Puis Amazias dit à Amos :
« Toi, le voyant, va-t’en d’ici,
fuis au pays de Juda ;
c’est là-bas que tu pourras gagner ta vie
en faisant ton métier de prophète.
Mais ici, à Béthel, arrête de prophétiser ;
car c’est un sanctuaire royal,
un temple du royaume. »
Amos répondit à Amazias :
« Je n’étais pas prophète ni fils de prophète ;
j’étais bouvier, et je soignais les sycomores.
Mais le Seigneur m’a saisi quand j’étais derrière le troupeau,
et c’est lui qui m’a dit :
“Va, tu seras prophète pour mon peuple Israël.”
Écoute maintenant la parole du Seigneur,
toi qui me dis :
“Ne prophétise pas contre Israël,
ne parle pas contre la maison d’Isaac.”
Eh bien, voici ce que le Seigneur a dit :
Ta femme devra se prostituer en pleine ville,
tes fils et tes filles tomberont par l’épée,
la terre qui t’appartient sera partagée au cordeau,
toi, tu mourras sur une terre impure,
et Israël sera déporté loin de sa terre. »

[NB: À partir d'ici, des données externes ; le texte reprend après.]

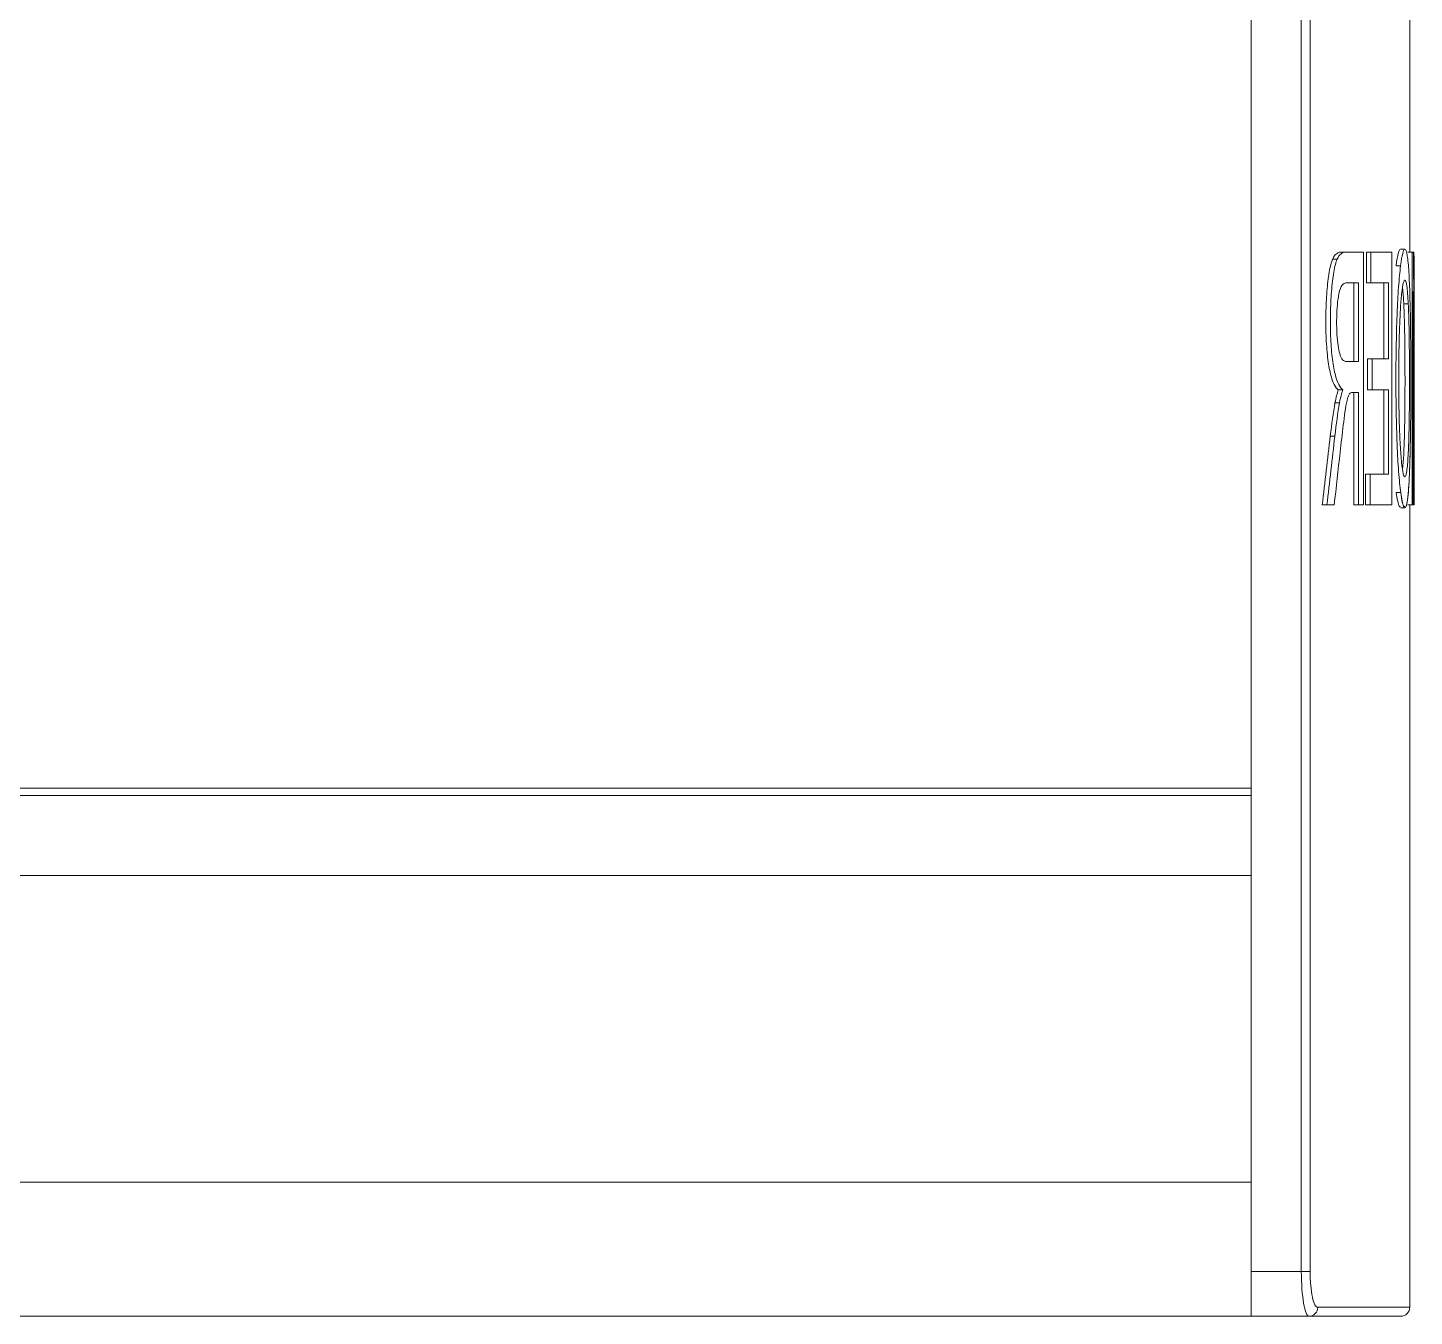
# Model space of a CAD drawing. Extents: x -976302 to -776254, y 5665 to 231437.
# Drawn here: x -798779.3 to -798623.1, y 88286.9 to 88432 of the extents above; entities that cross this region are included whole.
import ezdxf

# ---------------------------------------------------------------- set-up
doc = ezdxf.new("R2010")
doc.units = 0
doc.header["$LTSCALE"] = 1000
doc.header["$MEASUREMENT"] = 0
doc.layers.add('暖通', color=7, linetype='Continuous')

# ---------------------------------------------------------------- blocks, each defined once
blk = doc.blocks.new('*U22')
at = {"color": 5, "linetype": 'Continuous', "lineweight": 15}
for p, q in [((-23576.66, -16965.715), (-23576.66, -16947.857)), ((-23576.66, -16947.857), (-23576.66, -16965.715)), ((-23579.07, -16948.651), (-23579.07, -16988.361)), ((-23579.07, -16948.651), (-23579.07, -16988.361)), ((-23578.876, -16988.361), (-23578.876, -16948.651)), ((-23578.876, -16988.361), (-23578.876, -16948.651)), ((-23580.184, -16958.456), (-23580.184, -16979.251)), ((-23580.184, -16958.456), (-23580.184, -16979.251)), ((-23578.372, -16965.871), (-23578.271, -16965.871)), ((-23578.372, -16965.871), (-23578.271, -16965.871)), ((-23577.691, -16971.333), (-23577.691, -16965.715)), ((-23577.691, -16971.333), (-23577.691, -16965.715)), ((-23577.624, -16966.402), (-23577.624, -16965.715)), ((-23577.624, -16965.715), (-23577.524, -16965.715)), ((-23577.624, -16966.402), (-23577.624, -16965.715)), ((-23577.624, -16965.715), (-23577.524, -16965.715)), ((-23577.524, -16965.715), (-23577.524, -16966.402)), ((-23577.06, -16965.715), (-23577.524, -16965.715)), ((-23577.06, -16965.715), (-23577.524, -16965.715)), ((-23577.524, -16965.715), (-23577.524, -16966.402)), ((-23577.06, -16971.333), (-23577.06, -16965.715)), ((-23577.06, -16971.333), (-23577.06, -16965.715)), ((-23576.869, -16965.651), (-23576.77, -16965.651)), ((-23576.869, -16965.651), (-23576.77, -16965.651)), ((-23576.703, -16965.715), (-23576.604, -16965.715)), ((-23576.703, -16965.715), (-23576.604, -16965.715)), ((-23576.604, -16965.715), (-23576.604, -16971.333)), ((-23576.577, -16965.715), (-23576.604, -16965.715)), ((-23576.604, -16965.715), (-23576.604, -16971.333)), ((-23576.577, -16965.715), (-23576.604, -16965.715)), ((-23576.577, -16965.715), (-23576.567, -16965.715)), ((-23576.577, -16965.715), (-23576.567, -16965.715)), ((-23576.965, -16966.022), (-23576.865, -16966.022)), ((-23576.965, -16966.022), (-23576.865, -16966.022)), ((-23578.082, -16966.402), (-23577.803, -16966.402)), ((-23578.082, -16966.402), (-23577.803, -16966.402)), ((-23577.904, -16968.149), (-23577.904, -16966.402)), ((-23577.904, -16968.149), (-23577.904, -16966.402)), ((-23577.803, -16966.402), (-23577.803, -16968.149)), ((-23577.803, -16966.402), (-23577.803, -16968.149)), ((-23577.624, -16966.402), (-23577.524, -16966.402)), ((-23577.624, -16966.402), (-23577.524, -16966.402)), ((-23577.524, -16966.402), (-23577.135, -16966.402)), ((-23577.524, -16966.402), (-23577.135, -16966.402)), ((-23577.235, -16968.087), (-23577.235, -16966.402)), ((-23577.235, -16968.087), (-23577.235, -16966.402)), ((-23577.135, -16966.402), (-23577.135, -16968.087)), ((-23577.135, -16966.402), (-23577.135, -16968.087)), ((-23576.585, -16971.333), (-23576.585, -16966.589)), ((-23576.585, -16971.333), (-23576.585, -16966.589)), ((-23576.793, -16966.866), (-23576.694, -16966.866)), ((-23576.793, -16966.866), (-23576.694, -16966.866)), ((-23578.061, -16968.149), (-23578.052, -16968.149)), ((-23578.061, -16968.149), (-23578.052, -16968.149)), ((-23577.803, -16968.149), (-23578.052, -16968.149)), ((-23577.803, -16968.149), (-23578.052, -16968.149)), ((-23577.599, -16968.774), (-23577.599, -16968.087)), ((-23577.599, -16968.087), (-23577.498, -16968.087)), ((-23577.599, -16968.774), (-23577.599, -16968.087)), ((-23577.599, -16968.087), (-23577.498, -16968.087)), ((-23577.498, -16968.087), (-23577.498, -16968.774)), ((-23577.135, -16968.087), (-23577.498, -16968.087)), ((-23577.135, -16968.087), (-23577.498, -16968.087)), ((-23577.498, -16968.087), (-23577.498, -16968.774)), ((-23578.248, -16968.774), (-23578.147, -16968.774)), ((-23578.248, -16968.774), (-23578.147, -16968.774)), ((-23577.935, -16968.835), (-23577.803, -16968.835)), ((-23577.935, -16968.835), (-23577.803, -16968.835)), ((-23577.904, -16971.333), (-23577.904, -16968.835)), ((-23577.904, -16971.333), (-23577.904, -16968.835)), ((-23577.803, -16968.835), (-23577.803, -16971.333)), ((-23577.803, -16968.835), (-23577.803, -16971.333)), ((-23577.599, -16968.774), (-23577.498, -16968.774)), ((-23577.599, -16968.774), (-23577.498, -16968.774)), ((-23577.498, -16968.774), (-23577.135, -16968.774)), ((-23577.498, -16968.774), (-23577.135, -16968.774)), ((-23577.235, -16970.647), (-23577.235, -16968.774)), ((-23577.235, -16970.647), (-23577.235, -16968.774)), ((-23577.135, -16968.774), (-23577.135, -16970.647)), ((-23577.135, -16968.774), (-23577.135, -16970.647)), ((-23578.322, -16969.063), (-23578.221, -16969.063)), ((-23578.322, -16969.063), (-23578.221, -16969.063)), ((-23576.561, -16971.333), (-23576.561, -16969.272)), ((-23576.561, -16969.272), (-23576.561, -16971.333)), ((-23578.427, -16969.803), (-23578.326, -16969.803)), ((-23578.427, -16969.803), (-23578.326, -16969.803)), ((-23577.641, -16971.333), (-23577.641, -16970.647)), ((-23577.641, -16970.647), (-23577.541, -16970.647)), ((-23577.641, -16971.333), (-23577.641, -16970.647)), ((-23577.641, -16970.647), (-23577.541, -16970.647)), ((-23577.541, -16970.647), (-23577.541, -16971.333)), ((-23577.135, -16970.647), (-23577.541, -16970.647)), ((-23577.135, -16970.647), (-23577.541, -16970.647)), ((-23577.541, -16970.647), (-23577.541, -16971.333)), ((-23576.961, -16971.056), (-23576.862, -16971.056)), ((-23576.961, -16971.056), (-23576.862, -16971.056)), ((-23578.604, -16971.333), (-23578.503, -16971.333)), ((-23578.604, -16971.333), (-23578.503, -16971.333)), ((-23578.503, -16971.333), (-23578.338, -16971.333)), ((-23578.503, -16971.333), (-23578.338, -16971.333)), ((-23577.904, -16971.333), (-23577.803, -16971.333)), ((-23577.904, -16971.333), (-23577.803, -16971.333)), ((-23577.803, -16971.333), (-23577.691, -16971.333)), ((-23577.803, -16971.333), (-23577.691, -16971.333)), ((-23577.641, -16971.333), (-23577.541, -16971.333)), ((-23577.641, -16971.333), (-23577.541, -16971.333)), ((-23577.541, -16971.333), (-23577.06, -16971.333)), ((-23577.541, -16971.333), (-23577.06, -16971.333)), ((-23576.869, -16971.397), (-23576.77, -16971.397)), ((-23576.77, -16971.397), (-23576.869, -16971.397)), ((-23576.703, -16971.333), (-23576.604, -16971.333)), ((-23576.703, -16971.333), (-23576.604, -16971.333)), ((-23576.66, -16989.155), (-23576.66, -16971.333)), ((-23576.66, -16971.333), (-23576.66, -16989.155)), ((-23576.604, -16971.333), (-23576.585, -16971.333)), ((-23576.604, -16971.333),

Évangile de Jésus Christ selon saint Matthieu
(Mt 9, 1-8)
En ce temps-là,
Jésus monta en barque, refit la traversée,
et alla dans sa ville de Capharnaüm.
Et voici qu’on lui présenta un paralysé,
couché sur une civière.
Voyant leur foi,
Jésus dit au paralysé :
« Confiance, mon enfant,
tes péchés sont pardonnés. »
Et voici que certains parmi les scribes se disaient :
« Celui-là blasphème. »
Mais Jésus, connaissant leurs pensées, demanda :
« Pourquoi avez-vous des pensées mauvaises ?
En effet, qu’est-ce qui est le plus facile ?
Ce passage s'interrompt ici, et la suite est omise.